# That poor stihl that took the fast way down



## xxl (Jan 23, 2012)

What was that stihl saw that dave dropped off the skyline? I was waiting for the owner to throw dave on on the groud for dropping his saw. Looked like a nice old stihl not sure what model it was.


----------



## lly_duramax (Jan 24, 2012)

It looked like an old 056 parts saw to me. I am pretty sure it was rigged, if you paid attention when they hooked it up on the car the saw didn't have a gas cap on it. Ax Men sucks so far this year. They followed Levi up the hill when he was having trouble breathing and in one shot he has a 660 then in the next he has a 395. I dont think they have the same editing crew they had when they started. Most of this fake nonsense started last year.


----------



## powerking (Jan 24, 2012)

lly_duramax said:


> It looked like an old 056 parts saw to me. I am pretty sure it was rigged, if you paid attention when they hooked it up on the car the saw didn't have a gas cap on it. Ax Men sucks so far this year. They followed Levi up the hill when he was having trouble breathing and in one shot he has a 660 then in the next he has a 395. I dont think they have the same editing crew they had when they started. Most of this fake nonsense started last year.

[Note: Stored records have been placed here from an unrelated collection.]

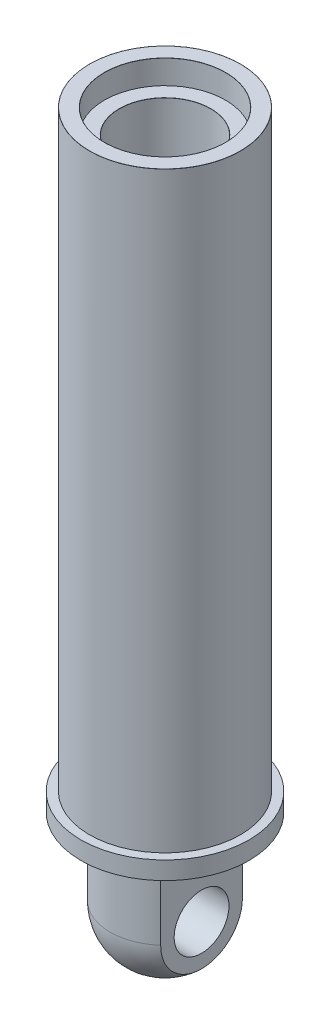
ISO-10303-21;
HEADER;
FILE_DESCRIPTION(('STEP AP214'),'2;1');
FILE_NAME('part.step','',(''),(''),'','','');
FILE_SCHEMA(('AUTOMOTIVE_DESIGN { 1 0 10303 214 1 1 1 1 }'));
ENDSEC;
DATA;
#1=APPLICATION_CONTEXT('core data for automotive mechanical design processes');
#2=APPLICATION_PROTOCOL_DEFINITION('international standard','automotive_design',2000,#1);
#3=PRODUCT_CONTEXT('',#1,'mechanical');
#4=PRODUCT('Part','Part','',(#3));
#5=PRODUCT_RELATED_PRODUCT_CATEGORY('part','',(#4));
#6=PRODUCT_DEFINITION_FORMATION('','',#4);
#7=PRODUCT_DEFINITION_CONTEXT('part definition',#1,'design');
#8=PRODUCT_DEFINITION('design','',#6,#7);
#9=PRODUCT_DEFINITION_SHAPE('','',#8);
#10=(LENGTH_UNIT() NAMED_UNIT(*) SI_UNIT(.MILLI.,.METRE.));
#11=(NAMED_UNIT(*) PLANE_ANGLE_UNIT() SI_UNIT($,.RADIAN.));
#12=(NAMED_UNIT(*) SI_UNIT($,.STERADIAN.) SOLID_ANGLE_UNIT());
#13=UNCERTAINTY_MEASURE_WITH_UNIT(LENGTH_MEASURE(1.E-05),#10,'distance_accuracy_value','');
#14=(GEOMETRIC_REPRESENTATION_CONTEXT(3) GLOBAL_UNCERTAINTY_ASSIGNED_CONTEXT((#13)) GLOBAL_UNIT_ASSIGNED_CONTEXT((#10,
#11,#12)) REPRESENTATION_CONTEXT('',''));
#15=CARTESIAN_POINT('',(0.,0.,0.));
#16=DIRECTION('',(0.,0.,1.));
#17=DIRECTION('',(1.,0.,0.));
#18=AXIS2_PLACEMENT_3D('',#15,#16,#17);
#19=CARTESIAN_POINT('',(0.,22.17,0.));
#20=DIRECTION('',(0.,-1.,0.));
#21=DIRECTION('',(-1.,0.,0.));
#22=AXIS2_PLACEMENT_3D('',#19,#20,#21);
#23=SPHERICAL_SURFACE('',#22,22.17);
#24=CARTESIAN_POINT('',(14.78,22.17,0.));
#25=DIRECTION('',(-1.,0.,0.));
#26=DIRECTION('',(0.,0.,1.));
#27=AXIS2_PLACEMENT_3D('',#24,#25,#26);
#28=CIRCLE('',#27,16.5245423537234);
#29=CARTESIAN_POINT('',(14.78,22.17,16.5245423537236));
#30=VERTEX_POINT('',#29);
#31=CARTESIAN_POINT('',(14.78,22.17,-16.5245423537235));
#32=VERTEX_POINT('',#31);
#33=EDGE_CURVE('E431',#30,#32,#28,.F.);
#34=ORIENTED_EDGE('',*,*,#33,.F.);
#35=CARTESIAN_POINT('',(-4.40612024474978E-13,22.17,0.));
#36=DIRECTION('',(0.,-1.,0.));
#37=DIRECTION('',(1.,0.,0.));
#38=AXIS2_PLACEMENT_3D('',#35,#36,#37);
#39=CIRCLE('',#38,22.1700000000004);
#40=CARTESIAN_POINT('',(-14.78,22.1700000000001,16.5245423537239));
#41=VERTEX_POINT('',#40);
#42=EDGE_CURVE('E109',#30,#41,#39,.T.);
#43=ORIENTED_EDGE('',*,*,#42,.T.);
#44=CARTESIAN_POINT('',(-14.78,22.17,0.));
#45=DIRECTION('',(1.,0.,0.));
#46=DIRECTION('',(0.,0.,-1.));
#47=AXIS2_PLACEMENT_3D('',#44,#45,#46);
#48=CIRCLE('',#47,16.5245423537234);
#49=CARTESIAN_POINT('',(-14.78,22.17,-16.5245423537244));
#50=VERTEX_POINT('',#49);
#51=EDGE_CURVE('E95',#50,#41,#48,.F.);
#52=ORIENTED_EDGE('',*,*,#51,.F.);
#53=EDGE_CURVE('E107',#50,#32,#39,.T.);
#54=ORIENTED_EDGE('',*,*,#53,.T.);
#55=EDGE_LOOP('',(#34,#43,#52,#54));
#56=FACE_BOUND('',#55,.T.);
#57=ADVANCED_FACE('F38',(#56),#23,.T.);
#58=CARTESIAN_POINT('',(-4.75771541383196E-13,0.,0.));
#59=DIRECTION('',(0.,-1.,0.));
#60=DIRECTION('',(1.,0.,0.));
#61=AXIS2_PLACEMENT_3D('',#58,#59,#60);
#62=CYLINDRICAL_SURFACE('',#61,22.1700000000004);
#63=CARTESIAN_POINT('',(-3.91634239195782E-13,53.0531746031747,0.));
#64=DIRECTION('',(0.,-1.,0.));
#65=DIRECTION('',(1.,0.,0.));
#66=AXIS2_PLACEMENT_3D('',#63,#64,#65);
#67=CIRCLE('',#66,22.1700000000004);
#68=CARTESIAN_POINT('',(22.17,53.0531746031746,0.));
#69=VERTEX_POINT('',#68);
#70=EDGE_CURVE('E135',#69,#69,#67,.T.);
#71=ORIENTED_EDGE('',*,*,#70,.T.);
#72=EDGE_LOOP('',(#71));
#73=FACE_BOUND('',#72,.T.);
#74=DIRECTION('',(0.,-1.,0.));
#75=VECTOR('',#74,1.);
#76=CARTESIAN_POINT('',(14.78,0.,-16.5245423537236));
#77=LINE('',#76,#75);
#78=CARTESIAN_POINT('',(14.7800000000001,49.1131746031746,-16.5245423537236));
#79=VERTEX_POINT('',#78);
#80=EDGE_CURVE('E115',#32,#79,#77,.F.);
#81=ORIENTED_EDGE('',*,*,#80,.F.);
#82=ORIENTED_EDGE('',*,*,#53,.F.);
#83=DIRECTION('',(0.,-1.,0.));
#84=VECTOR('',#83,1.);
#85=CARTESIAN_POINT('',(-14.78,0.,-16.5245423537244));
#86=LINE('',#85,#84);
#87=CARTESIAN_POINT('',(-14.7799999999999,49.1131746031746,-16.5245423537244));
#88=VERTEX_POINT('',#87);
#89=EDGE_CURVE('E90',#88,#50,#86,.T.);
#90=ORIENTED_EDGE('',*,*,#89,.F.);
#91=CARTESIAN_POINT('',(-14.78,49.1131746031746,-16.5245423537244));
#92=CARTESIAN_POINT('',(-14.7799891003655,49.1199664546998,-16.5245519764868));
#93=CARTESIAN_POINT('',(-14.7804704950853,49.1267438916265,-16.5241215330274));
#94=CARTESIAN_POINT('',(-14.7823245475202,49.1400248247651,-16.5224629994731));
#95=CARTESIAN_POINT('',(-14.7836904404422,49.1465300044863,-16.5212409635901));
#96=CARTESIAN_POINT('',(-14.787218731554,49.1591158780044,-16.5180830419562));
#97=CARTESIAN_POINT('',(-14.7893793582899,49.1651974803651,-16.5161487438205));
#98=CARTESIAN_POINT('',(-14.7943730063321,49.1768479958101,-16.5116758292743));
#99=CARTESIAN_POINT('',(-14.7972073344631,49.1824158828974,-16.5091360383189));
#100=CARTESIAN_POINT('',(-14.8045263305239,49.1948414846005,-16.5025734914295));
#101=CARTESIAN_POINT('',(-14.8092396864849,49.2014554951328,-16.4983443480468));
#102=CARTESIAN_POINT('',(-14.8193949552396,49.213569413507,-16.4892231474219));
#103=CARTESIAN_POINT('',(-14.8248380192337,49.21906752571,-16.4843300425506));
#104=CARTESIAN_POINT('',(-14.8380834904175,49.230573154955,-16.4724096837897));
#105=CARTESIAN_POINT('',(-14.8460799516037,49.2361712175188,-16.4652037206985));
#106=CARTESIAN_POINT('',(-14.8626293093167,49.2455654227145,-16.4502667157566));
#107=CARTESIAN_POINT('',(-14.8711832486647,49.2493580713446,-16.4425346885879));
#108=CARTESIAN_POINT('',(-14.8875854267982,49.2548926944248,-16.427684185633));
#109=CARTESIAN_POINT('',(-14.8954013803059,49.2568206320836,-16.420597698292));
#110=CARTESIAN_POINT('',(-14.9110902891527,49.2593678626866,-16.4063524241147));
#111=CARTESIAN_POINT('',(-14.9189625795007,49.2599952877061,-16.399194369521));
#112=CARTESIAN_POINT('',(-14.9268253968254,49.26,-16.3920341499375));
#113=B_SPLINE_CURVE_WITH_KNOTS('',3,(#91,#92,#93,#94,#95,#96,#97,#98,#99,#100,#101,#102,#103,
#104,#105,#106,#107,#108,#109,#110,#111,#112),.UNSPECIFIED.,.F.,.F.,(4,2,2,2,2,2,2,2,2,2,4),(0.,
0.0203220730663244,0.0404905263788517,0.0606142941687638,0.0807774206374289,0.108097699029369,
0.135461597040509,0.171667448395586,0.207943086585536,0.240037985163601,0.271931582120744),.UNSPECIFIED.);
#114=CARTESIAN_POINT('',(-14.9268253968254,49.26,-16.3920341499375));
#115=VERTEX_POINT('',#114);
#116=EDGE_CURVE('E182',#88,#115,#113,.T.);
#117=ORIENTED_EDGE('',*,*,#116,.T.);
#118=CARTESIAN_POINT('',(-3.97649854288076E-13,49.26,0.));
#119=DIRECTION('',(0.,1.,0.));
#120=DIRECTION('',(0.,0.,1.));
#121=AXIS2_PLACEMENT_3D('',#118,#119,#120);
#122=CIRCLE('',#121,22.1700000000004);
#123=CARTESIAN_POINT('',(-14.9268253968254,49.26,16.3920341499375));
#124=VERTEX_POINT('',#123);
#125=EDGE_CURVE('E118',#124,#115,#122,.F.);
#126=ORIENTED_EDGE('',*,*,#125,.F.);
#127=CARTESIAN_POINT('',(-14.9268253968254,49.26,16.3920341499375));
#128=CARTESIAN_POINT('',(-14.9176978091646,49.2599921950955,16.4003463103898));
#129=CARTESIAN_POINT('',(-14.908550401604,49.2591475673473,16.4086616950823));
#130=CARTESIAN_POINT('',(-14.890358341048,49.2557048645363,16.425172039319));
#131=CARTESIAN_POINT('',(-14.8813149247991,49.253094040414,16.4333656774792));
#132=CARTESIAN_POINT('',(-14.8642554388219,49.2462934630691,16.4487973343924));
#133=CARTESIAN_POINT('',(-14.8562124582959,49.2422321619367,16.4560615371361));
#134=CARTESIAN_POINT('',(-14.8407062323911,49.2324431153381,16.470046952684));
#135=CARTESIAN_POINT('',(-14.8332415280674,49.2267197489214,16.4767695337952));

i never noticed that...the "no gas cap"! now I'm gonna have to watch it again! I did see that 660, then I was wondering why it looked different again!


----------



## lly_duramax (Jan 24, 2012)

Yea its gettin pretty silly.


----------



## k5alive (Jan 24, 2012)

its all hollywierd


----------



## Madsaw (Jan 24, 2012)

It was a 031/032. A drop from that skyline would not have hardly hurt one of them old tanks unless it lite on a rock. They just needed a junk saw to beat the crap out of. 
Bob


----------



## lone wolf (Jan 24, 2012)

how bout the Cypress hunter shooting the pistol off around the Cypress buyer


----------



## powerking (Jan 24, 2012)

...Being as Shelby is in the swap all the time...shouldn't the water be ...well...swampy and murky??? Why is it the water is always clear?


----------



## coppersnowblue (Jan 24, 2012)

The tree hitting Dave's truck sure looked like a set up to me.


----------



## Winchester356 (Jan 24, 2012)

coppersnowblue said:


> The tree hitting Dave's truck sure looked like a set up to me.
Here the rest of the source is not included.